*** Dataset excerpts ***

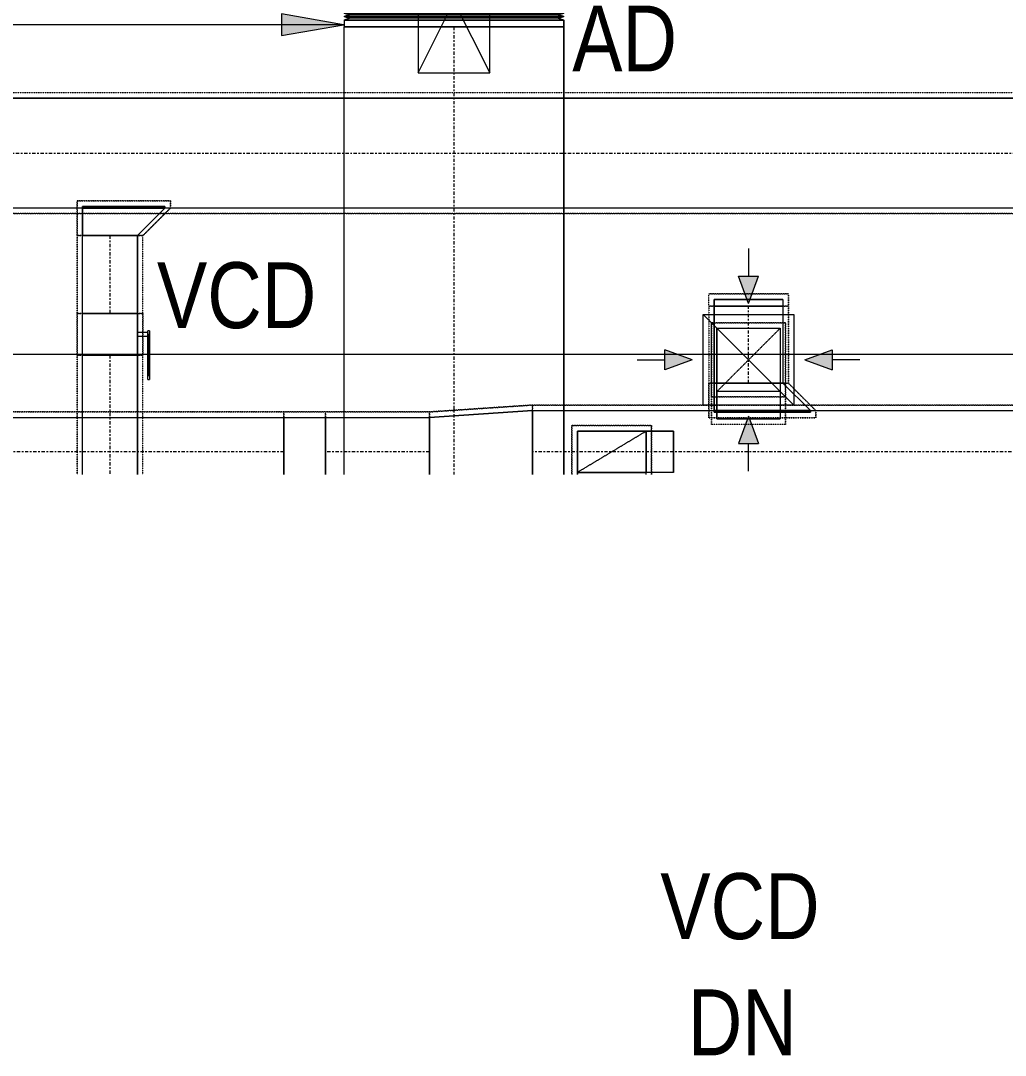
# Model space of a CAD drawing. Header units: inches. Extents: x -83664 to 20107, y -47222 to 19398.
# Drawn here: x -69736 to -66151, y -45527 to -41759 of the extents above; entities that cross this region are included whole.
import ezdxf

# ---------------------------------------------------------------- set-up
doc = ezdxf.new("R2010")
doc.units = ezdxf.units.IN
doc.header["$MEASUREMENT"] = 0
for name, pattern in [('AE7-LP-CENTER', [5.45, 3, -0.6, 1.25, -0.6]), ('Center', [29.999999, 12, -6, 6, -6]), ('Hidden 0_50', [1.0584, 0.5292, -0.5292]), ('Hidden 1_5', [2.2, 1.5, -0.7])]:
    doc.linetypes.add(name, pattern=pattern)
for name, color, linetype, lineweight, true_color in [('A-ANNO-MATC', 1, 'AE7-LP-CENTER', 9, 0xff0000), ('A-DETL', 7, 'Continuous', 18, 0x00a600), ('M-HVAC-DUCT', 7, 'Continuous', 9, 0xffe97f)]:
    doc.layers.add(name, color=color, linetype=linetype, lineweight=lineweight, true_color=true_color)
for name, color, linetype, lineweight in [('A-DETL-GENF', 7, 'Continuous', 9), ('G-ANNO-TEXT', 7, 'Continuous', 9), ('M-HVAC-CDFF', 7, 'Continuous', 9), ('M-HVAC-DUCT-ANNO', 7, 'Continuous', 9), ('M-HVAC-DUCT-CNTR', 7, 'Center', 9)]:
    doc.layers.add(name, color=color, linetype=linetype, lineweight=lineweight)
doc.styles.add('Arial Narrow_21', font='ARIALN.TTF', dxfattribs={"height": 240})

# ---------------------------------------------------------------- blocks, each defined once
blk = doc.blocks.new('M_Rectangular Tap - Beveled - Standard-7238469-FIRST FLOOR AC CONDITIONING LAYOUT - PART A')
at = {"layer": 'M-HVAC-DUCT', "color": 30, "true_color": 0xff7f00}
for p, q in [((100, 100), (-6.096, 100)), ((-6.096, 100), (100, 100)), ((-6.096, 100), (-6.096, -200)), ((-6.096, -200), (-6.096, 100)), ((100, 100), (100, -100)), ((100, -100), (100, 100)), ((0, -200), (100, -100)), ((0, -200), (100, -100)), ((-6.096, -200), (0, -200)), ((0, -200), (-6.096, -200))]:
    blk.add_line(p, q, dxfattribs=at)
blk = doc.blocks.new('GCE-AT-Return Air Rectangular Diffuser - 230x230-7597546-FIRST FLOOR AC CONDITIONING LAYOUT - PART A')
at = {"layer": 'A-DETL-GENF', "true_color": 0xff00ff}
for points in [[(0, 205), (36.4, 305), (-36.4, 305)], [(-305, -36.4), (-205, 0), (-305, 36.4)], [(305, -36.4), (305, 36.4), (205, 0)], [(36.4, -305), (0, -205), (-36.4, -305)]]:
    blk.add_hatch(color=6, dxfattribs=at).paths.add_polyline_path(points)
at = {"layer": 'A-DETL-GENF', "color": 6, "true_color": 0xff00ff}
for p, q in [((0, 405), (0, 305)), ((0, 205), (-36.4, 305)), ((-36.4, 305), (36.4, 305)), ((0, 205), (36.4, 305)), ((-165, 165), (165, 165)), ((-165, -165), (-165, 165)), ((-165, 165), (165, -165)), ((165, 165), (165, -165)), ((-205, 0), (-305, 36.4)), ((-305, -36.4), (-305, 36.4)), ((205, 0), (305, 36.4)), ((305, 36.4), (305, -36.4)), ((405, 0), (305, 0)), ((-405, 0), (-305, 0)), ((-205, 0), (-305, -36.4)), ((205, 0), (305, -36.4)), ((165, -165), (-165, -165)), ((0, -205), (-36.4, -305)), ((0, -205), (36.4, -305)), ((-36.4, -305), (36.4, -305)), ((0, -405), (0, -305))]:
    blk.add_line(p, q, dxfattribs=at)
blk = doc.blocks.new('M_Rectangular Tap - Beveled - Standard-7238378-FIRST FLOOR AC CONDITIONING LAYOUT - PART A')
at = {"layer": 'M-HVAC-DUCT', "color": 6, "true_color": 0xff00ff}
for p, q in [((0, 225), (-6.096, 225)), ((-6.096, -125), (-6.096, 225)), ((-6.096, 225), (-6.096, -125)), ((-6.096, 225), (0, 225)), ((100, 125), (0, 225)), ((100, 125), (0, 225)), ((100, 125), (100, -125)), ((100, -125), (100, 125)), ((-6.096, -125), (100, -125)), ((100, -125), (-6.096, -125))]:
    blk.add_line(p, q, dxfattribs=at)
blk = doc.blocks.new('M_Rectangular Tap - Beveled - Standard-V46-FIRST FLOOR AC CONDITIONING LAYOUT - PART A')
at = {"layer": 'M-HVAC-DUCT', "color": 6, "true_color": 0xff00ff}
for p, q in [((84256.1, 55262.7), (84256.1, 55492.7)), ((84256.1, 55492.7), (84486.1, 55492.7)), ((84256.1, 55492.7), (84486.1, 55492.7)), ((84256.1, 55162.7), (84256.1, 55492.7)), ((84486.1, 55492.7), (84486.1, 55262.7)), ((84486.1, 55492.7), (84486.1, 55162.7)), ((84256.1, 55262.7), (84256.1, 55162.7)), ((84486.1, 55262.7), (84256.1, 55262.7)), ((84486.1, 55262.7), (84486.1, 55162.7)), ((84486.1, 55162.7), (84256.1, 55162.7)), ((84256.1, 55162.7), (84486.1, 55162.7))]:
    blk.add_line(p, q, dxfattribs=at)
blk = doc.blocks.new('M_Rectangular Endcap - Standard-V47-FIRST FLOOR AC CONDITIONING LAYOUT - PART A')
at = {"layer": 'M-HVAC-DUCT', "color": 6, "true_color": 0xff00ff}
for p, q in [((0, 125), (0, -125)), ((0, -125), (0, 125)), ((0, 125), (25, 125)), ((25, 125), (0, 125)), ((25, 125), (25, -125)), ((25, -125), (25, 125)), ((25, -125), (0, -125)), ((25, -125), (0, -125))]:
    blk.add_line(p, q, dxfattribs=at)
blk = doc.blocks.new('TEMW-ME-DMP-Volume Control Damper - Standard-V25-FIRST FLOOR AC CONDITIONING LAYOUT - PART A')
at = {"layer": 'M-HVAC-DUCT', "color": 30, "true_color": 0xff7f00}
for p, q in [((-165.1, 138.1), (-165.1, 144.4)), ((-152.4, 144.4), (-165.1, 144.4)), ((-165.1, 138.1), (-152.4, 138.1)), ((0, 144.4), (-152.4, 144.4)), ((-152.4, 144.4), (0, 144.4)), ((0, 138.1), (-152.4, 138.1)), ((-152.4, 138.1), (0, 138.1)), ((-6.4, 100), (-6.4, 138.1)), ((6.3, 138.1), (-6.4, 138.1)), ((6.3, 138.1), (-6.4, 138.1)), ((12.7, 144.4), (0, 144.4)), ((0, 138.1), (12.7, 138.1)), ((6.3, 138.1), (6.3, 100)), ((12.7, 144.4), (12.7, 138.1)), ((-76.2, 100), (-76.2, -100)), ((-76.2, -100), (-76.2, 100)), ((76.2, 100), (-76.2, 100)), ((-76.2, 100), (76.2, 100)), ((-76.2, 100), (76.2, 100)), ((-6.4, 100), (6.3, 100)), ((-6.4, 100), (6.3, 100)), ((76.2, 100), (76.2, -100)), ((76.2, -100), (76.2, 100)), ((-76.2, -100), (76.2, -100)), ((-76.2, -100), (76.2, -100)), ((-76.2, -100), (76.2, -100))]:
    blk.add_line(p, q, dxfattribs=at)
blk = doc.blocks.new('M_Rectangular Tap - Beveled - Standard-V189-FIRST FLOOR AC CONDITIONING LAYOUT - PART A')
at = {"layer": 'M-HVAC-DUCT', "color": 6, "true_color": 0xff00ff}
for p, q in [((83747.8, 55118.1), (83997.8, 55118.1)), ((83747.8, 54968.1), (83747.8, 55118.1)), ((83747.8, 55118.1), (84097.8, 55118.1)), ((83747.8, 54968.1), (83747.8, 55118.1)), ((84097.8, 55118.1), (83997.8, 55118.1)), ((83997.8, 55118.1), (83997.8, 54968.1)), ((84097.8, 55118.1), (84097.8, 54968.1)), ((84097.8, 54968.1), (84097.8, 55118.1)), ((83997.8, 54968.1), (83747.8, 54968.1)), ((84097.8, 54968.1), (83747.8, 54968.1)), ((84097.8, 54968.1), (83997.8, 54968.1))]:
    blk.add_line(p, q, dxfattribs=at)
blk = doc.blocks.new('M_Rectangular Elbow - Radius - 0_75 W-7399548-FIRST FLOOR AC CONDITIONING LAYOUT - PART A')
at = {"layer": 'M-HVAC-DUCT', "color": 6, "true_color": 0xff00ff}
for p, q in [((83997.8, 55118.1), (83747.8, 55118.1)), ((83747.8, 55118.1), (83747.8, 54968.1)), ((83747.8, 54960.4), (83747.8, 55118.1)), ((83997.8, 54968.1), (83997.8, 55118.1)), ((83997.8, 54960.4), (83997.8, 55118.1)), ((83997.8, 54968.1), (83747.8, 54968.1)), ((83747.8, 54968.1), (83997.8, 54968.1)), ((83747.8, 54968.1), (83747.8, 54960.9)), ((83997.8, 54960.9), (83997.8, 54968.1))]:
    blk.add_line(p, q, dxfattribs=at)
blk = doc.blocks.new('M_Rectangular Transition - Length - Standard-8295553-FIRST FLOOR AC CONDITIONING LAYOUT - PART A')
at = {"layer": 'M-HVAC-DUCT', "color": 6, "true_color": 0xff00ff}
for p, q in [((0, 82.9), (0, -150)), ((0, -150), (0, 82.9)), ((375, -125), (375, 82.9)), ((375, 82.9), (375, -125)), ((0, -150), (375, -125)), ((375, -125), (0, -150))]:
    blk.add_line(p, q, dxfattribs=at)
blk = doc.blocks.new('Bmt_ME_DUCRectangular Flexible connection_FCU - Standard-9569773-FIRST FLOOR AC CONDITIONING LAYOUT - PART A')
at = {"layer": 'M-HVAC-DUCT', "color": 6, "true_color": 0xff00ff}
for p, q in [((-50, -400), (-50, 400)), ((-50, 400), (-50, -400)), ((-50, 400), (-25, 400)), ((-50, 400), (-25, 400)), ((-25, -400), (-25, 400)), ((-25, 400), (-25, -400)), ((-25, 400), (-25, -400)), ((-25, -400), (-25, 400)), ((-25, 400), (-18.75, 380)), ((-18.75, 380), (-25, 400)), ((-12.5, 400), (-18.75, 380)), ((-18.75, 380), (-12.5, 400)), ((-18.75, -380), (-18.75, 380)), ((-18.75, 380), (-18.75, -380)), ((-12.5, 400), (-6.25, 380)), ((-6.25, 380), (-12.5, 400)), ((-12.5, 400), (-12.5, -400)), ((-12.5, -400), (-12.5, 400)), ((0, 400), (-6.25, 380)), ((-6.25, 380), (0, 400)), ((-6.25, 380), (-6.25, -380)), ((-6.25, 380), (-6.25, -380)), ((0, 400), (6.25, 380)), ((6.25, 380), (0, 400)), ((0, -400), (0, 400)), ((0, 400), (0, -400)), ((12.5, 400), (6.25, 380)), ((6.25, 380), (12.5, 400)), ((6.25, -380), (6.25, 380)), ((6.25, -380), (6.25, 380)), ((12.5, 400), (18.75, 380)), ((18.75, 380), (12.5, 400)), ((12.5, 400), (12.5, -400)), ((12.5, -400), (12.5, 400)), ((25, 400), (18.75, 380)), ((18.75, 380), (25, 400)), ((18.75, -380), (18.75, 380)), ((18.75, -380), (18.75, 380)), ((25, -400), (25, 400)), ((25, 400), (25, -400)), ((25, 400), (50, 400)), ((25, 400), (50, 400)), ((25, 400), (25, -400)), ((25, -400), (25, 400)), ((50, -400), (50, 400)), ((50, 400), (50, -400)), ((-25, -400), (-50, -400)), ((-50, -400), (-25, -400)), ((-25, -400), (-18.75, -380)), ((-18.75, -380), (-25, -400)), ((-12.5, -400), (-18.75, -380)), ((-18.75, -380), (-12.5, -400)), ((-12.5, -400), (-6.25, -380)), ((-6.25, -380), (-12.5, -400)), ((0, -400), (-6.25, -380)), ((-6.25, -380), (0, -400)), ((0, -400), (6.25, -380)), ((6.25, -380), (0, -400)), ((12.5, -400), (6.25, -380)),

*** End of Dataset excerpts ***

What is needed is a word-for-word copy of the lines from the start of the data to the line with "for name, pattern", inclusive, with no pictures in it.

# Model space of a CAD drawing. Header units: inches. Extents: x -83664 to 20107, y -47222 to 19398.
# Drawn here: x -69736 to -66151, y -45527 to -41759 of the extents above; entities that cross this region are included whole.
import ezdxf

# ---------------------------------------------------------------- set-up
doc = ezdxf.new("R2010")
doc.units = ezdxf.units.IN
doc.header["$MEASUREMENT"] = 0
for name, pattern in [('AE7-LP-CENTER', [5.45, 3, -0.6, 1.25, -0.6]), ('Center', [29.999999, 12, -6, 6, -6]), ('Hidden 0_50', [1.0584, 0.5292, -0.5292]), ('Hidden 1_5', [2.2, 1.5, -0.7])]:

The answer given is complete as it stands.